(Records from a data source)
= Beginning of Section =
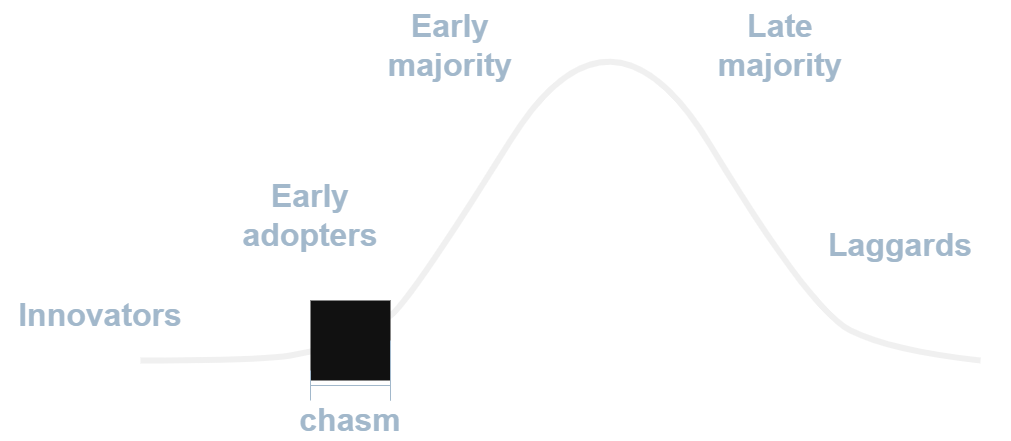

The diagram above was exported from draw.io. Its source (the exported page's mxGraphModel, read from the mxfile embedded in the PNG):
<mxGraphModel dx="350" dy="188" grid="1" gridSize="10" guides="1" tooltips="1" connect="1" arrows="1" fold="1" page="1" pageScale="1" pageWidth="1920" pageHeight="1200" math="0" shadow="0">
  <root>
    <mxCell id="0" />
    <mxCell id="1" parent="0" />
    <mxCell id="58" value="" style="endArrow=none;html=1;labelBackgroundColor=default;strokeColor=#f0f0f0;strokeWidth=6;fontFamily=Verdana;fontSize=32;fontColor=#000000;fillColor=#7494b1;shape=connector;curved=1;" parent="1" edge="1">
      <mxGeometry width="50" height="50" relative="1" as="geometry">
        <mxPoint x="460" y="670" as="sourcePoint" />
        <mxPoint x="1300" y="670" as="targetPoint" />
        <Array as="points">
          <mxPoint x="580" y="670" />
          <mxPoint x="640" y="660" />
          <mxPoint x="690" y="640" />
          <mxPoint x="730" y="610" />
          <mxPoint x="930" y="290" />
          <mxPoint x="1130" y="620" />
          <mxPoint x="1210" y="660" />
        </Array>
      </mxGeometry>
    </mxCell>
    <mxCell id="60" value="Innovators" style="text;html=1;fillColor=none;align=center;verticalAlign=middle;whiteSpace=wrap;rounded=0;fontSize=32;fontStyle=1;labelBorderColor=none;labelBackgroundColor=none;fontColor=#A2B8CB;" parent="1" vertex="1">
      <mxGeometry x="320" y="590" width="200" height="70" as="geometry" />
    </mxCell>
    <mxCell id="61" value="Early adopters" style="text;html=1;fillColor=none;align=center;verticalAlign=middle;whiteSpace=wrap;rounded=0;fontSize=32;fontStyle=1;labelBorderColor=none;fontColor=#A2B8CB;labelBackgroundColor=none;" parent="1" vertex="1">
      <mxGeometry x="520" y="490" width="220" height="70" as="geometry" />
    </mxCell>
    <mxCell id="62" value="Early majority" style="text;html=1;fillColor=none;align=center;verticalAlign=middle;whiteSpace=wrap;rounded=0;fontSize=32;fontStyle=1;labelBorderColor=none;fontColor=#A2B8CB;labelBackgroundColor=none;" parent="1" vertex="1">
      <mxGeometry x="680" y="310" width="180" height="90" as="geometry" />
    </mxCell>
    <mxCell id="63" value="Late majority" style="text;html=1;fillColor=none;align=center;verticalAlign=middle;whiteSpace=wrap;rounded=0;fontSize=32;fontStyle=1;labelBorderColor=none;fontColor=#A2B8CB;labelBackgroundColor=none;" parent="1" vertex="1">
      <mxGeometry x="1020" y="310" width="160" height="90" as="geometry" />
    </mxCell>
    <mxCell id="64" value="Laggards" style="text;html=1;fillColor=none;align=center;verticalAlign=middle;whiteSpace=wrap;rounded=0;fontSize=32;fontStyle=1;labelBorderColor=none;fontColor=#A2B8CB;labelBackgroundColor=none;" parent="1" vertex="1">
      <mxGeometry x="1110" y="520" width="220" height="70" as="geometry" />
    </mxCell>
    <mxCell id="65" value="" style="whiteSpace=wrap;html=1;aspect=fixed;fillColor=#111111;strokeColor=none;" vertex="1" parent="1">
      <mxGeometry x="630" y="610" width="80" height="80" as="geometry" />
    </mxCell>
    <mxCell id="66" value="chasm" style="text;html=1;fillColor=none;align=center;verticalAlign=middle;whiteSpace=wrap;rounded=0;fontSize=32;fontStyle=1;labelBorderColor=none;fontColor=#A2B8CB;labelBackgroundColor=none;" vertex="1" parent="1">
      <mxGeometry x="600" y="710" width="140" height="40" as="geometry" />
    </mxCell>
    <mxCell id="67" value="" style="shape=crossbar;whiteSpace=wrap;html=1;rounded=1;fillColor=none;strokeColor=#A2B8CB;" vertex="1" parent="1">
      <mxGeometry x="630" y="680" width="80" height="30" as="geometry" />
    </mxCell>
    <mxCell id="69" value="" style="endArrow=none;html=1;exitX=1;exitY=1;exitDx=0;exitDy=0;exitPerimeter=0;entryX=1;entryY=0.5;entryDx=0;entryDy=0;fontSize=12;fillColor=none;strokeColor=#A2B8CB;" edge="1" parent="1" source="67" target="65">
      <mxGeometry width="50" height="50" relative="1" as="geometry">
        <mxPoint x="720" y="700" as="sourcePoint" />
        <mxPoint x="770" y="650" as="targetPoint" />
      </mxGeometry>
    </mxCell>
  </root>
</mxGraphModel>
= End of Section =
> [ABOUT THIS TASK] Find every line in the records that uses the string "Early", then copy it.

> [REPLY TO THE TASK]
    <mxCell id="61" value="Early adopters" style="text;html=1;fillColor=none;align=center;verticalAlign=middle;whiteSpace=wrap;rounded=0;fontSize=32;fontStyle=1;labelBorderColor=none;fontColor=#A2B8CB;labelBackgroundColor=none;" parent="1" vertex="1">
    <mxCell id="62" value="Early majority" style="text;html=1;fillColor=none;align=center;verticalAlign=middle;whiteSpace=wrap;rounded=0;fontSize=32;fontStyle=1;labelBorderColor=none;fontColor=#A2B8CB;labelBackgroundColor=none;" parent="1" vertex="1">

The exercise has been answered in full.